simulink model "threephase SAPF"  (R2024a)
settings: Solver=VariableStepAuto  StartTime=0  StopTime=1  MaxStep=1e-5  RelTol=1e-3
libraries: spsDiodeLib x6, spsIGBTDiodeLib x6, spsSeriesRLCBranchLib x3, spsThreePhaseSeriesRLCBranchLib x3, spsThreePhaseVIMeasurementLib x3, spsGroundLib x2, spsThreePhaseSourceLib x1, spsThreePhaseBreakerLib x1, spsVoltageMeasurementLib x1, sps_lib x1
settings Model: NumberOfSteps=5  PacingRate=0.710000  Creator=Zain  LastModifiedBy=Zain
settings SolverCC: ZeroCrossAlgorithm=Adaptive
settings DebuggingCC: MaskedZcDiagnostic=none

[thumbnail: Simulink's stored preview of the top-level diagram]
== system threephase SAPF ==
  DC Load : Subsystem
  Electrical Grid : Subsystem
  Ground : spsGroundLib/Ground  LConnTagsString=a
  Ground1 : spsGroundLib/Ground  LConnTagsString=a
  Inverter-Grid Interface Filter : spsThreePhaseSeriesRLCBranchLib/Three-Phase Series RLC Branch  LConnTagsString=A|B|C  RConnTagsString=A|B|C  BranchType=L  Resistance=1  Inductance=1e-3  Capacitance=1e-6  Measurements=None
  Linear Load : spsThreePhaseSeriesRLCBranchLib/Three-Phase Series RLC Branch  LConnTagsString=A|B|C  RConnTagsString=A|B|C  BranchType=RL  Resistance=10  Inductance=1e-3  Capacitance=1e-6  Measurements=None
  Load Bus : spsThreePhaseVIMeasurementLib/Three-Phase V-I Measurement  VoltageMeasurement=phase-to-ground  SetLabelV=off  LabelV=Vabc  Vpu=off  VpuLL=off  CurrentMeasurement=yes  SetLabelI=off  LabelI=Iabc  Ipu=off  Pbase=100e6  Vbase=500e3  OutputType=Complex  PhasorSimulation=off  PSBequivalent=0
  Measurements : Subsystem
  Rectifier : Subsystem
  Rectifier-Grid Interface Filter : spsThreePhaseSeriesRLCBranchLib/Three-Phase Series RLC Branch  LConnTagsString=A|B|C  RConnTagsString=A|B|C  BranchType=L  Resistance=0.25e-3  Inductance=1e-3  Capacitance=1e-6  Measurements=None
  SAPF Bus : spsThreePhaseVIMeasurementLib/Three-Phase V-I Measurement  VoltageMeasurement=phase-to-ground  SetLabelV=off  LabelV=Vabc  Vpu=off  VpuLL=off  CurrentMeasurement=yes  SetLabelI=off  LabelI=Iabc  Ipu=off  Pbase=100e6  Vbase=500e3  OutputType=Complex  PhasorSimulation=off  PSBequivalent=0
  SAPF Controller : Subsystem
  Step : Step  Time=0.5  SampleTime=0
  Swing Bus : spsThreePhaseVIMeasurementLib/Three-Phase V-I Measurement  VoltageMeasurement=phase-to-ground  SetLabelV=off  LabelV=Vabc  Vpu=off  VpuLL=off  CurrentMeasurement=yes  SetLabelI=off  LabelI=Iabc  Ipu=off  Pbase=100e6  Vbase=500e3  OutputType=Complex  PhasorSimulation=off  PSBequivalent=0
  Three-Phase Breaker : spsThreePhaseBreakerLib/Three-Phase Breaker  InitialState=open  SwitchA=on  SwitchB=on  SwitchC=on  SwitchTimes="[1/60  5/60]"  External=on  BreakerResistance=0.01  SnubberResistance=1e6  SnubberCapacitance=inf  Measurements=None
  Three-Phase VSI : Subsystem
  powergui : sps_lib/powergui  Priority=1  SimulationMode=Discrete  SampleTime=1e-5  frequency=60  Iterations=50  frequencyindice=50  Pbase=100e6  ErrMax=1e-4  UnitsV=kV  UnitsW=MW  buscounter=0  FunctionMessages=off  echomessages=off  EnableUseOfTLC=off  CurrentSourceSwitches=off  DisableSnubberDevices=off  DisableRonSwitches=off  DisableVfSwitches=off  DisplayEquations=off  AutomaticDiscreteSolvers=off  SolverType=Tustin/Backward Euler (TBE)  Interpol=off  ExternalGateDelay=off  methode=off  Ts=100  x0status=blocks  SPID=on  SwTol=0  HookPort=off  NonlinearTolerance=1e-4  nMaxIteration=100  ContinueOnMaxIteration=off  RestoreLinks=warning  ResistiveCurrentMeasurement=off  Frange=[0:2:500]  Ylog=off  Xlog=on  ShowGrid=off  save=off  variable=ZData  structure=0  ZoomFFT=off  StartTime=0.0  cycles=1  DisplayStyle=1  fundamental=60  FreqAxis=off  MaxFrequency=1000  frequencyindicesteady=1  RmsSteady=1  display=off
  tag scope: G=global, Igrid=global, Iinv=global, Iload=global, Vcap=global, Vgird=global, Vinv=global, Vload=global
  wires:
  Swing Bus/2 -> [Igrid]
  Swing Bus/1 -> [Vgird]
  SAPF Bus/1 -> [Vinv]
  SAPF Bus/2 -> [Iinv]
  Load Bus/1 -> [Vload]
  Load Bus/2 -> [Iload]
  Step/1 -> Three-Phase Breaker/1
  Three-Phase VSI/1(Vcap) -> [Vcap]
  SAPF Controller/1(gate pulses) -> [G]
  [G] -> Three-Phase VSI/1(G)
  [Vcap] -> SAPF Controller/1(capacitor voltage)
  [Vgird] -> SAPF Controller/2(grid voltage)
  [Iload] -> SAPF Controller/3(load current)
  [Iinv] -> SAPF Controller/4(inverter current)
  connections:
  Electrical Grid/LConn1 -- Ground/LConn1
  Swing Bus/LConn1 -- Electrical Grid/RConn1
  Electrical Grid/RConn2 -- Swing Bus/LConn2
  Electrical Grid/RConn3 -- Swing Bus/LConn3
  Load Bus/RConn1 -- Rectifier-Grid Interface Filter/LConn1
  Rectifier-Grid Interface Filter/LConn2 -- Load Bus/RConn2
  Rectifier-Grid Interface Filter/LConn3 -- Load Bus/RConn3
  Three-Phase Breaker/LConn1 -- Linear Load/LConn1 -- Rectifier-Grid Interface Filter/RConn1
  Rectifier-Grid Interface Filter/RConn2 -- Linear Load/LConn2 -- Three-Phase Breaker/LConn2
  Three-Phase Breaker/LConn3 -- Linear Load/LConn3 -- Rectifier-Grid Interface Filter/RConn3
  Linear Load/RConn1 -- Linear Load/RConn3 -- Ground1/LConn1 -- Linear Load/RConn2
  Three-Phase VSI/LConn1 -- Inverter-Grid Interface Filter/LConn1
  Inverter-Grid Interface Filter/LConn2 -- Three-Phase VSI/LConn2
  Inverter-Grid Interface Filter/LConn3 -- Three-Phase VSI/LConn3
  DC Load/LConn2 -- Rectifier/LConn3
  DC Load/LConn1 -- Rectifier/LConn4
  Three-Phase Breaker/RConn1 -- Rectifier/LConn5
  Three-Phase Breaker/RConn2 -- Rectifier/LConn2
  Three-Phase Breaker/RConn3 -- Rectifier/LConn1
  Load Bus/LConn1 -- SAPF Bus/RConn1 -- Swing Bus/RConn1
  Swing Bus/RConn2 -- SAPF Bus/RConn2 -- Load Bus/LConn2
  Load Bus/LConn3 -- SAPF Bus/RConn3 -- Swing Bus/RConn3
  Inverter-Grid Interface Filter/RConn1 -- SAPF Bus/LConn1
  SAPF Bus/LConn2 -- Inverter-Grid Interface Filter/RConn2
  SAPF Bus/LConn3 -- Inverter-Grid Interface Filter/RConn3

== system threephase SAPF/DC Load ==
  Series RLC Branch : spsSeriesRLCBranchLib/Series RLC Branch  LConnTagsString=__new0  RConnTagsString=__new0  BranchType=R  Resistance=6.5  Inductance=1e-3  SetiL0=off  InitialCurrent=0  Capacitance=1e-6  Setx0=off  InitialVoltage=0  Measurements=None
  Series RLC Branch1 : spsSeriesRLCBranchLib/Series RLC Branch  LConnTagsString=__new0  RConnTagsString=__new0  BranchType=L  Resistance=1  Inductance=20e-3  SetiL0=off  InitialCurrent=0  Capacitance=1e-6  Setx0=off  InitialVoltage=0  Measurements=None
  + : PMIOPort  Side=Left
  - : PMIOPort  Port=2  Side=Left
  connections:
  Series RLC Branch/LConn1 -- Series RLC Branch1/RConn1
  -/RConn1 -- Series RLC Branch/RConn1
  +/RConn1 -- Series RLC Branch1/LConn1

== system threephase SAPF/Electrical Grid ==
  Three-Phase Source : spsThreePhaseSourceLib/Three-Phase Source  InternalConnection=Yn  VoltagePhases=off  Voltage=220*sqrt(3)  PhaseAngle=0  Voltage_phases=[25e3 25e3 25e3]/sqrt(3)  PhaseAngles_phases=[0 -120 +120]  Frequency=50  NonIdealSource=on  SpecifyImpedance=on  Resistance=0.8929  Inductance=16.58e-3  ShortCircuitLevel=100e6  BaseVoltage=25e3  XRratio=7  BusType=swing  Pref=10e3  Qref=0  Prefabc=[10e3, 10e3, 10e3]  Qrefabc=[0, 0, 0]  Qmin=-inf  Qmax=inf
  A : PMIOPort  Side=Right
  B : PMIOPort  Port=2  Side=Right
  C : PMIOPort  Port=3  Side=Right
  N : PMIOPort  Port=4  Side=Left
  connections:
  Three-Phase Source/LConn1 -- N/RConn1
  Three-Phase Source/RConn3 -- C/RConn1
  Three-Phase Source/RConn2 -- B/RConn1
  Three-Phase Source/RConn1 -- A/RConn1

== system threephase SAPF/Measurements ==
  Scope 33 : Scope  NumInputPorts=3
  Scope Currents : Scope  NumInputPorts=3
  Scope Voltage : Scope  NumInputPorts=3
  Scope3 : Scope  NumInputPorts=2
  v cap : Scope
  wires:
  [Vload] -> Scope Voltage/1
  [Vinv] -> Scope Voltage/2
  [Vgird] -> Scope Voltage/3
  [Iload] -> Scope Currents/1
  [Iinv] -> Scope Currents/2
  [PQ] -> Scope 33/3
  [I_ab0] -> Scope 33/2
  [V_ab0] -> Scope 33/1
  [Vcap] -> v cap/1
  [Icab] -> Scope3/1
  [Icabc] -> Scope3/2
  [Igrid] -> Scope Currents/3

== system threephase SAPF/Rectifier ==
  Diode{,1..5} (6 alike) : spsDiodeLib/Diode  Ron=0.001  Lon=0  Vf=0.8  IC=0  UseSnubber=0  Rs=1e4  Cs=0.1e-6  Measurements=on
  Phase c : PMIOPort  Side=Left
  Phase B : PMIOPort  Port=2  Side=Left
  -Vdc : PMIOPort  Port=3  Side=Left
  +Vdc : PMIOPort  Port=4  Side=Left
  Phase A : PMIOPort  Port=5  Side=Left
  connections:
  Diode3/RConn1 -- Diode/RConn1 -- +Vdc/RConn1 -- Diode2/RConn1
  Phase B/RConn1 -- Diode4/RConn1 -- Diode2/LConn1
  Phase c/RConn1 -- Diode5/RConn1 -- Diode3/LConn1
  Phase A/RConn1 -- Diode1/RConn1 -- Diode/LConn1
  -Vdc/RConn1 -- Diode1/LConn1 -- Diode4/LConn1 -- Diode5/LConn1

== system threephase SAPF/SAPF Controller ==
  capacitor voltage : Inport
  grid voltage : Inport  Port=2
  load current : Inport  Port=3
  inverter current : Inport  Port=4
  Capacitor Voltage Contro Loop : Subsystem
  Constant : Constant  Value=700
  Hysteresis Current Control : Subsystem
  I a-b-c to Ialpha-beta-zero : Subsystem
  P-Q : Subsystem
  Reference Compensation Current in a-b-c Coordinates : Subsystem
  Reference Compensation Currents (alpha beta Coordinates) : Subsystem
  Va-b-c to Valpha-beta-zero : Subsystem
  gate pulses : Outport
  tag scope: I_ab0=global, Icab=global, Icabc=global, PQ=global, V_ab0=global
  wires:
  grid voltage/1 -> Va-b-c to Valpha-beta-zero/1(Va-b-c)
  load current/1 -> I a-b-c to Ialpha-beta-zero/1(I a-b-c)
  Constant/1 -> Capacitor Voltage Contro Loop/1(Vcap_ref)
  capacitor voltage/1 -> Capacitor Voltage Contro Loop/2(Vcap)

--------------------------------

§ Problem to solve:
Repeat the line that contains "grid voltage : Inport", then every line after it until the records end, with nothing added.

§ Your solution:
  grid voltage : Inport  Port=2
  load current : Inport  Port=3
  inverter current : Inport  Port=4
  Capacitor Voltage Contro Loop : Subsystem
  Constant : Constant  Value=700
  Hysteresis Current Control : Subsystem
  I a-b-c to Ialpha-beta-zero : Subsystem
  P-Q : Subsystem
  Reference Compensation Current in a-b-c Coordinates : Subsystem
  Reference Compensation Currents (alpha beta Coordinates) : Subsystem
  Va-b-c to Valpha-beta-zero : Subsystem
  gate pulses : Outport
  tag scope: I_ab0=global, Icab=global, Icabc=global, PQ=global, V_ab0=global
  wires:
  grid voltage/1 -> Va-b-c to Valpha-beta-zero/1(Va-b-c)
  load current/1 -> I a-b-c to Ialpha-beta-zero/1(I a-b-c)
  Constant/1 -> Capacitor Voltage Contro Loop/1(Vcap_ref)
  capacitor voltage/1 -> Capacitor Voltage Contro Loop/2(Vcap)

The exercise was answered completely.